# Hurt Pigeon at 1505 Avenue J Brooklyn, New York



## tara m (Sep 16, 2010)

Hello,

I found a hurt pigeon at 1505 Avenue J Brooklyn, New York directly outside the door of the bank. I didn't pick him up or bring him home so I'm not sure if he is still there but I wanted to post here in case anyone lives in the area and can go check and maybe help him. There were kids inside the bank yelling and pointing. I told the banker about him, thinking he could call someone to help, and the banker actually went out and shoved him away from the door with his foot. In front of the kids. I was absolutely horrified.


----------



## Jaye (Mar 13, 2008)

Hello. Well...thank you for your concern. Quite seriously, though...you saw a great example of exactly the way most humans will treat a pigeon in distress.

Please get a box and go back and get it yourself, as soon as you can.

You can do a search for NYC pigeon rescue because there are a lotta people there who are concerned about pigeon welfare. There is also a Yahoo group regarding NYC pigeons...
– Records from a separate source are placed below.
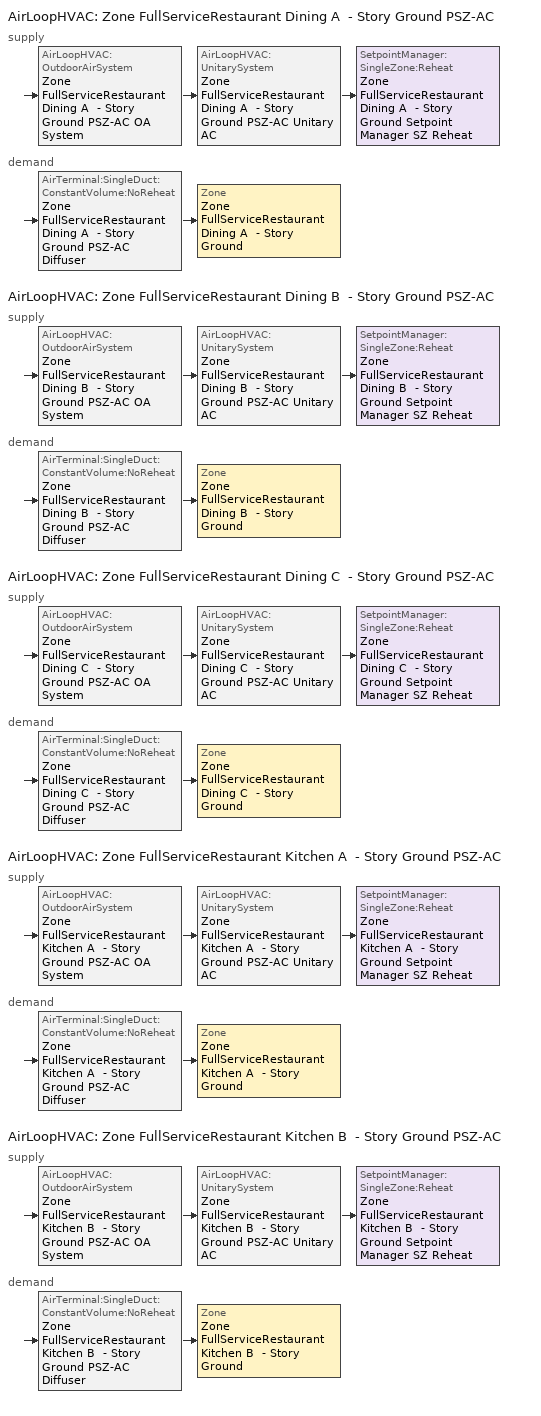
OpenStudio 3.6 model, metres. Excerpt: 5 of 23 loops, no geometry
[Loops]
AirLoopHVAC 'Zone FullServiceRestaurant Dining A  - Story Ground PSZ-AC'
 supply: AirLoopHVAC:OutdoorAirSystem 'Zone FullServiceRestaurant Dining A  - Story Ground PSZ-AC OA System' > AirLoopHVAC:UnitarySystem 'Zone FullServiceRestaurant Dining A  - Story Ground PSZ-AC Unitary AC' > SetpointManager:SingleZone:Reheat 'Zone FullServiceRestaurant Dining A  - Story Ground Setpoint Manager SZ Reheat'
 demand: AirTerminal:SingleDuct:ConstantVolume:NoReheat 'Zone FullServiceRestaurant Dining A  - Story Ground PSZ-AC Diffuser' > Zone 'Zone FullServiceRestaurant Dining A  - Story Ground'
AirLoopHVAC 'Zone FullServiceRestaurant Dining B  - Story Ground PSZ-AC'
 supply: AirLoopHVAC:OutdoorAirSystem 'Zone FullServiceRestaurant Dining B  - Story Ground PSZ-AC OA System' > AirLoopHVAC:UnitarySystem 'Zone FullServiceRestaurant Dining B  - Story Ground PSZ-AC Unitary AC' > SetpointManager:SingleZone:Reheat 'Zone FullServiceRestaurant Dining B  - Story Ground Setpoint Manager SZ Reheat'
 demand: AirTerminal:SingleDuct:ConstantVolume:NoReheat 'Zone FullServiceRestaurant Dining B  - Story Ground PSZ-AC Diffuser' > Zone 'Zone FullServiceRestaurant Dining B  - Story Ground'
AirLoopHVAC 'Zone FullServiceRestaurant Dining C  - Story Ground PSZ-AC'
 supply: AirLoopHVAC:OutdoorAirSystem 'Zone FullServiceRestaurant Dining C  - Story Ground PSZ-AC OA System' > AirLoopHVAC:UnitarySystem 'Zone FullServiceRestaurant Dining C  - Story Ground PSZ-AC Unitary AC' > SetpointManager:SingleZone:Reheat 'Zone FullServiceRestaurant Dining C  - Story Ground Setpoint Manager SZ Reheat'
 demand: AirTerminal:SingleDuct:ConstantVolume:NoReheat 'Zone FullServiceRestaurant Dining C  - Story Ground PSZ-AC Diffuser' > Zone 'Zone FullServiceRestaurant Dining C  - Story Ground'
AirLoopHVAC 'Zone FullServiceRestaurant Kitchen A  - Story Ground PSZ-AC'
 supply: AirLoopHVAC:OutdoorAirSystem 'Zone FullServiceRestaurant Kitchen A  - Story Ground PSZ-AC OA System' > AirLoopHVAC:UnitarySystem 'Zone FullServiceRestaurant Kitchen A  - Story Ground PSZ-AC Unitary AC' > SetpointManager:SingleZone:Reheat 'Zone FullServiceRestaurant Kitchen A  - Story Ground Setpoint Manager SZ Reheat'
 demand: AirTerminal:SingleDuct:ConstantVolume:NoReheat 'Zone FullServiceRestaurant Kitchen A  - Story Ground PSZ-AC Diffuser' > Zone 'Zone FullServiceRestaurant Kitchen A  - Story Ground'
AirLoopHVAC 'Zone FullServiceRestaurant Kitchen B  - Story Ground PSZ-AC'
 supply: AirLoopHVAC:OutdoorAirSystem 'Zone FullServiceRestaurant Kitchen B  - Story Ground PSZ-AC OA System' > AirLoopHVAC:UnitarySystem 'Zone FullServiceRestaurant Kitchen B  - Story Ground PSZ-AC Unitary AC' > SetpointManager:SingleZone:Reheat 'Zone FullServiceRestaurant Kitchen B  - Story Ground Setpoint Manager SZ Reheat'
 demand: AirTerminal:SingleDuct:ConstantVolume:NoReheat 'Zone FullServiceRestaurant Kitchen B  - Story Ground PSZ-AC Diffuser' > Zone 'Zone FullServiceRestaurant Kitchen B  - Story Ground'
[Sizing:Zone] Zone Cooling Design Supply Air Temperature Input Method=SupplyAirTemperature; Zone Cooling Design Supply Air Temperature {C}=12.7778; Zone Cooling Design Supply Air Temperature Difference {deltaC}=11.11; Zone Heating Design Supply Air Temperature Input Method=SupplyAirTemperature; Zone Heating Design Supply Air Temperature {C}=50; Zone Heating Design Supply Air Temperature Difference {deltaC}=11.11; Zone Cooling Design Supply Air Humidity Ratio {kg-H2O/kg-air}=0.0085; Zone Heating Design Supply Air Humidity Ratio {kg-H2O/kg-air}=0.008; Cooling Design Air Flow Method=DesignDay; Heating Design Air Flow Method=DesignDay; Account for Dedicated Outdoor Air System=No; Dedicated Outdoor Air System Control Strategy=NeutralSupplyAir; Dedicated Outdoor Air Low Setpoint Temperature for Design {C}=autosize; Dedicated Outdoor Air High Setpoint Temperature for Design {C}=autosize; Zone Load Sizing Method=Sensible Load Only No Latent Load; Zone Latent Cooling Design Supply Air Humidity Ratio Input Method=HumidityRatioDifference; Zone Cooling Design Supply Air Humidity Ratio Difference {kgWater/kgDryAir}=0.005; Zone Latent Heating Design Supply Air Humidity Ratio Input Method=HumidityRatioDifference; Zone Humidification Design Supply Air Humidity Ratio Difference {kgWater/kgDryAir}=0.005
Zone FullServiceRestaurant Kitchen A  - Story Ground; Zone FullServiceRestaurant Kitchen B  - Story Ground; Zone FullServiceRestaurant Dining A  - Story Ground; Zone FullServiceRestaurant Dining B  - Story Ground; Zone FullServiceRestaurant Dining C  - Story Ground
[Zone equipment]
Zone FullServiceRestaurant Kitchen A  - Story Ground: Zone FullServiceRestaurant Kitchen A  - Story Ground Exhaust Fan, Zone FullServiceRestaurant Kitchen A  - Story Ground PSZ-AC Diffuser
Zone FullServiceRestaurant Kitchen B  - Story Ground: Zone FullServiceRestaurant Kitchen B  - Story Ground Exhaust Fan, Zone FullServiceRestaurant Kitchen B  - Story Ground PSZ-AC Diffuser
Zone FullServiceRestaurant Dining A  - Story Ground: Zone FullServiceRestaurant Dining A  - Story Ground PSZ-AC Diffuser
Zone FullServiceRestaurant Dining B  - Story Ground: Zone FullServiceRestaurant Dining B  - Story Ground PSZ-AC Diffuser
Zone FullServiceRestaurant Dining C  - Story Ground: Zone FullServiceRestaurant Dining C  - Story Ground PSZ-AC Diffuser
[Fan:ZoneExhaust] Availability Schedule=RestaurantSitDown Kitchen_Exhaust_SCH; Fan Total Efficiency=0.0660786; Pressure Rise {Pa}=124.544; Flow Fraction Schedule=RestaurantSitDown Kitchen_Exhaust_SCH; System Availability Manager Coupling Mode=Decoupled
Name | Maximum Flow Rate {m3/s}
Zone FullServiceRestaurant Kitchen A  - Story Ground Exhaust Fan | 0.0314141
Zone FullServiceRestaurant Kitchen B  - Story Ground Exhaust Fan | 0.0182826
[AirLoopHVAC] Design Supply Air Flow Rate {m3/s}=autosize; Design Return Air Flow Fraction of Supply Air Flow=1
Name | Availability Schedule
Zone FullServiceRestaurant Dining A  - Story Ground PSZ-AC | Zone FullServiceRestaurant Dining A  - Story Ground PSZ-AC Occ Sch
Zone FullServiceRestaurant Dining B  - Story Ground PSZ-AC | Zone FullServiceRestaurant Dining B  - Story Ground PSZ-AC Occ Sch
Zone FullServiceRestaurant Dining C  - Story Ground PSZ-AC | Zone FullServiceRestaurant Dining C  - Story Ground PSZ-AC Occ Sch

But quite honestly...sometimes when we cross paths with an animal in need, we just have to push through the inconvenience, buck up, and do what we can right there. I know...it's hard, we tend to be indecisive, or we have someplace to go, or perhaps the context of the immediiate situation is uncomfortable... or maybe we just are really confused as to what to do. All we can do is our best...but do try to retrieve him/her.

If you manage to retrieve it, please post back. Again, thank you for caring.


----------



## goga82 (Aug 17, 2009)

Jaye said:


> Hello. Well...thank you for your concern. Quite seriously, though...you saw a great example of exactly the way most humans will treat a pigeon in distress.
> 
> Please get a box and go back and get it yourself, as soon as you can.
> 
> ...



i agree with you jaye..well said


----------



## goga82 (Aug 17, 2009)

tara m said:


> Hello,
> 
> I found a hurt pigeon at 1505 Avenue J Brooklyn, New York directly outside the door of the bank. I didn't pick him up or bring him home so I'm not sure if he is still there but I wanted to post here in case anyone lives in the area and can go check and maybe help him. There were kids inside the bank yelling and pointing. I told the banker about him, thinking he could call someone to help, and the banker actually went out and shoved him away from the door with his foot. In front of the kids. I was absolutely horrified.


u should have taken the pigeon... go back and pray that he's a live.
well help you here.... with any directions and advices it's not hard to care for a pigeon in need.
please go back and get him


----------



## TAWhatley (Mar 6, 2001)

Definitely go and get the pigeon and contact the New York City Pigeon Rescue Central .. http://www.nycprc.org

Terry


----------